Problem
Each record below must come back exactly as written; its pictures must not.

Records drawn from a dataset
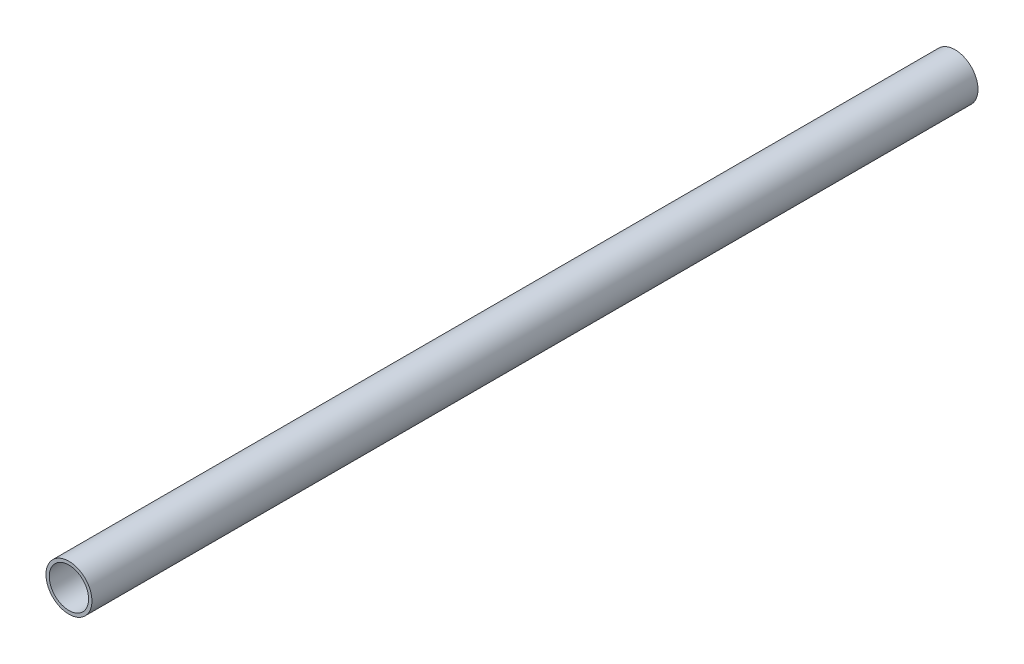
ISO-10303-21;
HEADER;
FILE_DESCRIPTION(('STEP AP214'),'2;1');
FILE_NAME('part.step','',(''),(''),'','','');
FILE_SCHEMA(('AUTOMOTIVE_DESIGN { 1 0 10303 214 1 1 1 1 }'));
ENDSEC;
DATA;
#1=APPLICATION_CONTEXT('core data for automotive mechanical design processes');
#2=APPLICATION_PROTOCOL_DEFINITION('international standard','automotive_design',2000,#1);
#3=PRODUCT_CONTEXT('',#1,'mechanical');
#4=PRODUCT('Part','Part','',(#3));
#5=PRODUCT_RELATED_PRODUCT_CATEGORY('part','',(#4));
#6=PRODUCT_DEFINITION_FORMATION('','',#4);
#7=PRODUCT_DEFINITION_CONTEXT('part definition',#1,'design');
#8=PRODUCT_DEFINITION('design','',#6,#7);
#9=PRODUCT_DEFINITION_SHAPE('','',#8);
#10=(LENGTH_UNIT() NAMED_UNIT(*) SI_UNIT(.MILLI.,.METRE.));
#11=(NAMED_UNIT(*) PLANE_ANGLE_UNIT() SI_UNIT($,.RADIAN.));
#12=(NAMED_UNIT(*) SI_UNIT($,.STERADIAN.) SOLID_ANGLE_UNIT());
#13=UNCERTAINTY_MEASURE_WITH_UNIT(LENGTH_MEASURE(1.E-05),#10,'distance_accuracy_value','');
#14=(GEOMETRIC_REPRESENTATION_CONTEXT(3) GLOBAL_UNCERTAINTY_ASSIGNED_CONTEXT((#13)) GLOBAL_UNIT_ASSIGNED_CONTEXT((#10,
#11,#12)) REPRESENTATION_CONTEXT('',''));
#15=CARTESIAN_POINT('',(0.,0.,0.));
#16=DIRECTION('',(0.,0.,1.));
#17=DIRECTION('',(1.,0.,0.));
#18=AXIS2_PLACEMENT_3D('',#15,#16,#17);
#19=CARTESIAN_POINT('',(0.,0.,270.));
#20=DIRECTION('',(0.,0.,-1.));
#21=DIRECTION('',(-1.,0.,0.));
#22=AXIS2_PLACEMENT_3D('',#19,#20,#21);
#23=CYLINDRICAL_SURFACE('',#22,7.);
#24=CARTESIAN_POINT('',(0.,0.,270.));
#25=DIRECTION('',(0.,0.,1.));
#26=DIRECTION('',(1.,0.,0.));
#27=AXIS2_PLACEMENT_3D('',#24,#25,#26);
#28=CIRCLE('',#27,7.);
#29=CARTESIAN_POINT('',(7.,0.,270.));
#30=VERTEX_POINT('',#29);
#31=EDGE_CURVE('E10',#30,#30,#28,.T.);
#32=ORIENTED_EDGE('',*,*,#31,.F.);
#33=EDGE_LOOP('',(#32));
#34=FACE_BOUND('',#33,.T.);
#35=CARTESIAN_POINT('',(0.,0.,0.));
#36=DIRECTION('',(0.,0.,1.));
#37=DIRECTION('',(1.,0.,0.));
#38=AXIS2_PLACEMENT_3D('',#35,#36,#37);
#39=CIRCLE('',#38,7.);
#40=CARTESIAN_POINT('',(7.,0.,0.));
#41=VERTEX_POINT('',#40);
#42=EDGE_CURVE('E40',#41,#41,#39,.T.);
#43=ORIENTED_EDGE('',*,*,#42,.T.);
#44=EDGE_LOOP('',(#43));
#45=FACE_BOUND('',#44,.T.);
#46=ADVANCED_FACE('F37',(#34,#45),#23,.T.);
#47=CARTESIAN_POINT('',(0.,0.,270.));
#48=DIRECTION('',(0.,0.,1.));
#49=DIRECTION('',(1.,0.,0.));
#50=AXIS2_PLACEMENT_3D('',#47,#48,#49);
#51=PLANE('',#50);
#52=CARTESIAN_POINT('',(0.,0.,270.));
#53=DIRECTION('',(0.,0.,1.));
#54=DIRECTION('',(1.,0.,0.));
#55=AXIS2_PLACEMENT_3D('',#52,#53,#54);
#56=CIRCLE('',#55,6.);
#57=CARTESIAN_POINT('',(6.,0.,270.));
#58=VERTEX_POINT('',#57);
#59=EDGE_CURVE('E51',#58,#58,#56,.T.);
#60=ORIENTED_EDGE('',*,*,#59,.F.);
#61=EDGE_LOOP('',(#60));
#62=FACE_BOUND('',#61,.T.);
#63=ORIENTED_EDGE('',*,*,#31,.T.);
#64=EDGE_LOOP('',(#63));
#65=FACE_BOUND('',#64,.T.);
#66=ADVANCED_FACE('F68',(#62,#65),#51,.T.);
#67=CARTESIAN_POINT('',(0.,0.,0.));
#68=DIRECTION('',(0.,0.,1.));
#69=DIRECTION('',(1.,0.,0.));
#70=AXIS2_PLACEMENT_3D('',#67,#68,#69);
#71=PLANE('',#70);
#72=CARTESIAN_POINT('',(0.,0.,0.));
#73=DIRECTION('',(0.,0.,1.));
#74=DIRECTION('',(1.,0.,0.));
#75=AXIS2_PLACEMENT_3D('',#72,#73,#74);
#76=CIRCLE('',#75,6.);
#77=CARTESIAN_POINT('',(6.,0.,0.));
#78=VERTEX_POINT('',#77);
#79=EDGE_CURVE('E49',#78,#78,#76,.T.);
#80=ORIENTED_EDGE('',*,*,#79,.T.);
#81=EDGE_LOOP('',(#80));
#82=FACE_BOUND('',#81,.T.);
#83=ORIENTED_EDGE('',*,*,#42,.F.);
#84=EDGE_LOOP('',(#83));
#85=FACE_BOUND('',#84,.T.);
#86=ADVANCED_FACE('F59',(#82,#85),#71,.F.);
#87=CARTESIAN_POINT('',(0.,0.,0.));
#88=DIRECTION('',(0.,0.,1.));
#89=DIRECTION('',(1.,0.,0.));
#90=AXIS2_PLACEMENT_3D('',#87,#88,#89);
#91=CYLINDRICAL_SURFACE('',#90,6.);
#92=ORIENTED_EDGE('',*,*,#79,.F.);
#93=EDGE_LOOP('',(#92));
#94=FACE_BOUND('',#93,.T.);
#95=ORIENTED_EDGE('',*,*,#59,.T.);
#96=EDGE_LOOP('',(#95));
#97=FACE_BOUND('',#96,.T.);
#98=ADVANCED_FACE('F62',(#94,#97),#91,.F.);
#99=CLOSED_SHELL('',(#46,#66,#86,#98));
#100=MANIFOLD_SOLID_BREP('B2',#99);
#101=ADVANCED_BREP_SHAPE_REPRESENTATION('',(#18,#100),#14);
#102=SHAPE_DEFINITION_REPRESENTATION(#9,#101);
ENDSEC;
END-ISO-10303-21;

Answer for the task
ISO-10303-21;
HEADER;
FILE_DESCRIPTION(('STEP AP214'),'2;1');
FILE_NAME('part.step','',(''),(''),'','','');
FILE_SCHEMA(('AUTOMOTIVE_DESIGN { 1 0 10303 214 1 1 1 1 }'));
ENDSEC;
DATA;
#1=APPLICATION_CONTEXT('core data for automotive mechanical design processes');
#2=APPLICATION_PROTOCOL_DEFINITION('international standard','automotive_design',2000,#1);
#3=PRODUCT_CONTEXT('',#1,'mechanical');
#4=PRODUCT('Part','Part','',(#3));
#5=PRODUCT_RELATED_PRODUCT_CATEGORY('part','',(#4));
#6=PRODUCT_DEFINITION_FORMATION('','',#4);
#7=PRODUCT_DEFINITION_CONTEXT('part definition',#1,'design');
#8=PRODUCT_DEFINITION('design','',#6,#7);
#9=PRODUCT_DEFINITION_SHAPE('','',#8);
#10=(LENGTH_UNIT() NAMED_UNIT(*) SI_UNIT(.MILLI.,.METRE.));
#11=(NAMED_UNIT(*) PLANE_ANGLE_UNIT() SI_UNIT($,.RADIAN.));
#12=(NAMED_UNIT(*) SI_UNIT($,.STERADIAN.) SOLID_ANGLE_UNIT());
#13=UNCERTAINTY_MEASURE_WITH_UNIT(LENGTH_MEASURE(1.E-05),#10,'distance_accuracy_value','');
#14=(GEOMETRIC_REPRESENTATION_CONTEXT(3) GLOBAL_UNCERTAINTY_ASSIGNED_CONTEXT((#13)) GLOBAL_UNIT_ASSIGNED_CONTEXT((#10,
#11,#12)) REPRESENTATION_CONTEXT('',''));
#15=CARTESIAN_POINT('',(0.,0.,0.));
#16=DIRECTION('',(0.,0.,1.));
#17=DIRECTION('',(1.,0.,0.));
#18=AXIS2_PLACEMENT_3D('',#15,#16,#17);
#19=CARTESIAN_POINT('',(0.,0.,270.));
#20=DIRECTION('',(0.,0.,-1.));
#21=DIRECTION('',(-1.,0.,0.));
#22=AXIS2_PLACEMENT_3D('',#19,#20,#21);
#23=CYLINDRICAL_SURFACE('',#22,7.);
#24=CARTESIAN_POINT('',(0.,0.,270.));
#25=DIRECTION('',(0.,0.,1.));
#26=DIRECTION('',(1.,0.,0.));
#27=AXIS2_PLACEMENT_3D('',#24,#25,#26);
#28=CIRCLE('',#27,7.);
#29=CARTESIAN_POINT('',(7.,0.,270.));
#30=VERTEX_POINT('',#29);
#31=EDGE_CURVE('E10',#30,#30,#28,.T.);
#32=ORIENTED_EDGE('',*,*,#31,.F.);
#33=EDGE_LOOP('',(#32));
#34=FACE_BOUND('',#33,.T.);
#35=CARTESIAN_POINT('',(0.,0.,0.));
#36=DIRECTION('',(0.,0.,1.));
#37=DIRECTION('',(1.,0.,0.));
#38=AXIS2_PLACEMENT_3D('',#35,#36,#37);
#39=CIRCLE('',#38,7.);
#40=CARTESIAN_POINT('',(7.,0.,0.));
#41=VERTEX_POINT('',#40);
#42=EDGE_CURVE('E40',#41,#41,#39,.T.);
#43=ORIENTED_EDGE('',*,*,#42,.T.);
#44=EDGE_LOOP('',(#43));
#45=FACE_BOUND('',#44,.T.);
#46=ADVANCED_FACE('F37',(#34,#45),#23,.T.);
#47=CARTESIAN_POINT('',(0.,0.,270.));
#48=DIRECTION('',(0.,0.,1.));
#49=DIRECTION('',(1.,0.,0.));
#50=AXIS2_PLACEMENT_3D('',#47,#48,#49);
#51=PLANE('',#50);
#52=CARTESIAN_POINT('',(0.,0.,270.));
#53=DIRECTION('',(0.,0.,1.));
#54=DIRECTION('',(1.,0.,0.));
#55=AXIS2_PLACEMENT_3D('',#52,#53,#54);
#56=CIRCLE('',#55,6.);
#57=CARTESIAN_POINT('',(6.,0.,270.));
#58=VERTEX_POINT('',#57);
#59=EDGE_CURVE('E51',#58,#58,#56,.T.);
#60=ORIENTED_EDGE('',*,*,#59,.F.);
#61=EDGE_LOOP('',(#60));
#62=FACE_BOUND('',#61,.T.);
#63=ORIENTED_EDGE('',*,*,#31,.T.);
#64=EDGE_LOOP('',(#63));
#65=FACE_BOUND('',#64,.T.);
#66=ADVANCED_FACE('F68',(#62,#65),#51,.T.);
#67=CARTESIAN_POINT('',(0.,0.,0.));
#68=DIRECTION('',(0.,0.,1.));
#69=DIRECTION('',(1.,0.,0.));
#70=AXIS2_PLACEMENT_3D('',#67,#68,#69);
#71=PLANE('',#70);
#72=CARTESIAN_POINT('',(0.,0.,0.));
#73=DIRECTION('',(0.,0.,1.));
#74=DIRECTION('',(1.,0.,0.));
#75=AXIS2_PLACEMENT_3D('',#72,#73,#74);
#76=CIRCLE('',#75,6.);
#77=CARTESIAN_POINT('',(6.,0.,0.));
#78=VERTEX_POINT('',#77);
#79=EDGE_CURVE('E49',#78,#78,#76,.T.);
#80=ORIENTED_EDGE('',*,*,#79,.T.);
#81=EDGE_LOOP('',(#80));
#82=FACE_BOUND('',#81,.T.);
#83=ORIENTED_EDGE('',*,*,#42,.F.);
#84=EDGE_LOOP('',(#83));
#85=FACE_BOUND('',#84,.T.);
#86=ADVANCED_FACE('F59',(#82,#85),#71,.F.);
#87=CARTESIAN_POINT('',(0.,0.,0.));
#88=DIRECTION('',(0.,0.,1.));
#89=DIRECTION('',(1.,0.,0.));
#90=AXIS2_PLACEMENT_3D('',#87,#88,#89);
#91=CYLINDRICAL_SURFACE('',#90,6.);
#92=ORIENTED_EDGE('',*,*,#79,.F.);
#93=EDGE_LOOP('',(#92));
#94=FACE_BOUND('',#93,.T.);
#95=ORIENTED_EDGE('',*,*,#59,.T.);
#96=EDGE_LOOP('',(#95));
#97=FACE_BOUND('',#96,.T.);
#98=ADVANCED_FACE('F62',(#94,#97),#91,.F.);
#99=CLOSED_SHELL('',(#46,#66,#86,#98));
#100=MANIFOLD_SOLID_BREP('B2',#99);
#101=ADVANCED_BREP_SHAPE_REPRESENTATION('',(#18,#100),#14);
#102=SHAPE_DEFINITION_REPRESENTATION(#9,#101);
ENDSEC;
END-ISO-10303-21;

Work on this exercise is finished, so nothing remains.